Instructions to follow: Could you copy each line of the entries that contains "precision"?

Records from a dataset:
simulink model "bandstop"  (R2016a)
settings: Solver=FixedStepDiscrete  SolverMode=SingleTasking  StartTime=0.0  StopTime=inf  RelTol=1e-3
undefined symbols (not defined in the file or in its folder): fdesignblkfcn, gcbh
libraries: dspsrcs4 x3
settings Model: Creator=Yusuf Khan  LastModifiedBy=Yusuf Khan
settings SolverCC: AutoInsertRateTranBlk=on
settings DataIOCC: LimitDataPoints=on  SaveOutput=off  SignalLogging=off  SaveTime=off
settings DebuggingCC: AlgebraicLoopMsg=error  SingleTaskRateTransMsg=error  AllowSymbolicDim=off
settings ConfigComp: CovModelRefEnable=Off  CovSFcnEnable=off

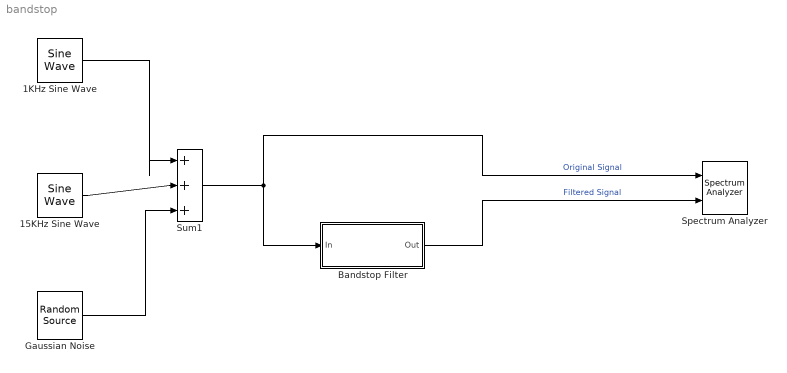
== system bandstop ==
  15KHz Sine Wave : dspsrcs4/Sine Wave  Amplitude=1  Frequency=15000  Phase=0  SampleMode=Discrete  OutComplex=Real  CompMethod=Trigonometric fcn  TableSize=Speed  SampleTime=1/44100  SamplesPerFrame=256  ResetState=Restart at time zero  OutputFrames=off  dataType=double  wordLen=16  udDataType=sfix(16)  fracBitsMode=Best precision  numFracBits=15  OutDataTypeStr=double  LastOutDataTypeStr=double
  1KHz Sine Wave : dspsrcs4/Sine Wave  Amplitude=1  Frequency=1000  Phase=0  SampleMode=Discrete  OutComplex=Real  CompMethod=Trigonometric fcn  TableSize=Speed  SampleTime=1/44100  SamplesPerFrame=256  ResetState=Restart at time zero  OutputFrames=off  dataType=double  wordLen=16  udDataType=sfix(16)  fracBitsMode=Best precision  numFracBits=15  OutDataTypeStr=double  LastOutDataTypeStr=double
  Bandstop Filter : Subsystem  DialogController=fdesignblkfcn  InitFcn=fdesignblkfcn(gcbh, {'InitFcn'});  mask(Bandstop Filter){}
      mask help: Design a bandstop filter
      settings: CopyFcn=fdesignblkfcn(gcbh, {'CopyFcn'});
      mask Help: helpview(mapfilelocation('dsp'), 'dspbandstopfilter');
      mask Display: disp('Bandstop');
  Gaussian Noise : dspsrcs4/Random Source  SrcType=Gaussian  NormMethod=Ziggurat  CltLength=12  MinVal=0  MaxVal=1  MeanVal=0  VarVal=.05  RepMode=Specify seed  rawSeed=1234567  IsInherit=off  SampMode=Discrete  SampTime=1/44100  SampFrame=256  DataType=Double  OutComplex=Real  OutputFrames=off
  Spectrum Analyzer : SpectrumAnalyzer  NumInputPorts=2
  Sum1 : Sum  Inputs=|+++
  wires:
  1KHz Sine Wave/1 -> Sum1/1
  15KHz Sine Wave/1 -> Sum1/2
  Sum1/1 -> Bandstop Filter/1(In), Spectrum Analyzer/1  "Original Signal"
  Bandstop Filter/1(Out) -> Spectrum Analyzer/2  "Filtered Signal"
  Gaussian Noise/1 -> Sum1/3

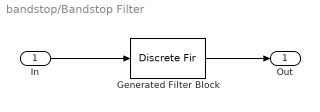
== system bandstop/Bandstop Filter ==
  In : Inport
  Generated Filter Block : DiscreteFir  Tag=BlockMethodSubSystem  Coefficients=[-0.00049984690227429984 9.5100318057543079e-05 -0.018778888889124077 0.00020561736622359334 0.0019605411941897403 0.00023848464356728024 0.011427768692371167 0.00024928020776836409 -0.02634414346835514 0.00022323473160409515 0.033802321854575927 0.00024455404571686537 -0.019823660150559162 0.0002437704533452736 -0.019896328302991071 0.00022786848806519958 0.082714162332195681 0.00025656261277871015 -0.15101859373265938 0.00022072984516976232 0.20526035643478208 0.000247613686607299 0.77489283142488308 0.000247613686607299 0.20526035643478208 0.00022072984516976232 -0.15101859373265938 0.00025656261277871015 0.082714162332195681 0.00022786848806519958 -0.019896328302991071 0.0002437704533452736 -0.019823660150559162 0.00024455404571686537 0.033802321854575927 0.00022323473160409515 -0.02634414346835514 0.00024928020776836409 0.011427768692371167 0.00023848464356728024 0.0019605411941897403 0.00020561736622359334 -0.018778888889124077 9.5100318057543079e-05 -0.00049984690227429984]  InputProcessing=Columns as channels (frame based)
  Out : Outport
  wires:
  Generated Filter Block/1 -> Out/1
  In/1 -> Generated Filter Block/1

Exercise result:
  15KHz Sine Wave : dspsrcs4/Sine Wave  Amplitude=1  Frequency=15000  Phase=0  SampleMode=Discrete  OutComplex=Real  CompMethod=Trigonometric fcn  TableSize=Speed  SampleTime=1/44100  SamplesPerFrame=256  ResetState=Restart at time zero  OutputFrames=off  dataType=double  wordLen=16  udDataType=sfix(16)  fracBitsMode=Best precision  numFracBits=15  OutDataTypeStr=double  LastOutDataTypeStr=double
  1KHz Sine Wave : dspsrcs4/Sine Wave  Amplitude=1  Frequency=1000  Phase=0  SampleMode=Discrete  OutComplex=Real  CompMethod=Trigonometric fcn  TableSize=Speed  SampleTime=1/44100  SamplesPerFrame=256  ResetState=Restart at time zero  OutputFrames=off  dataType=double  wordLen=16  udDataType=sfix(16)  fracBitsMode=Best precision  numFracBits=15  OutDataTypeStr=double  LastOutDataTypeStr=double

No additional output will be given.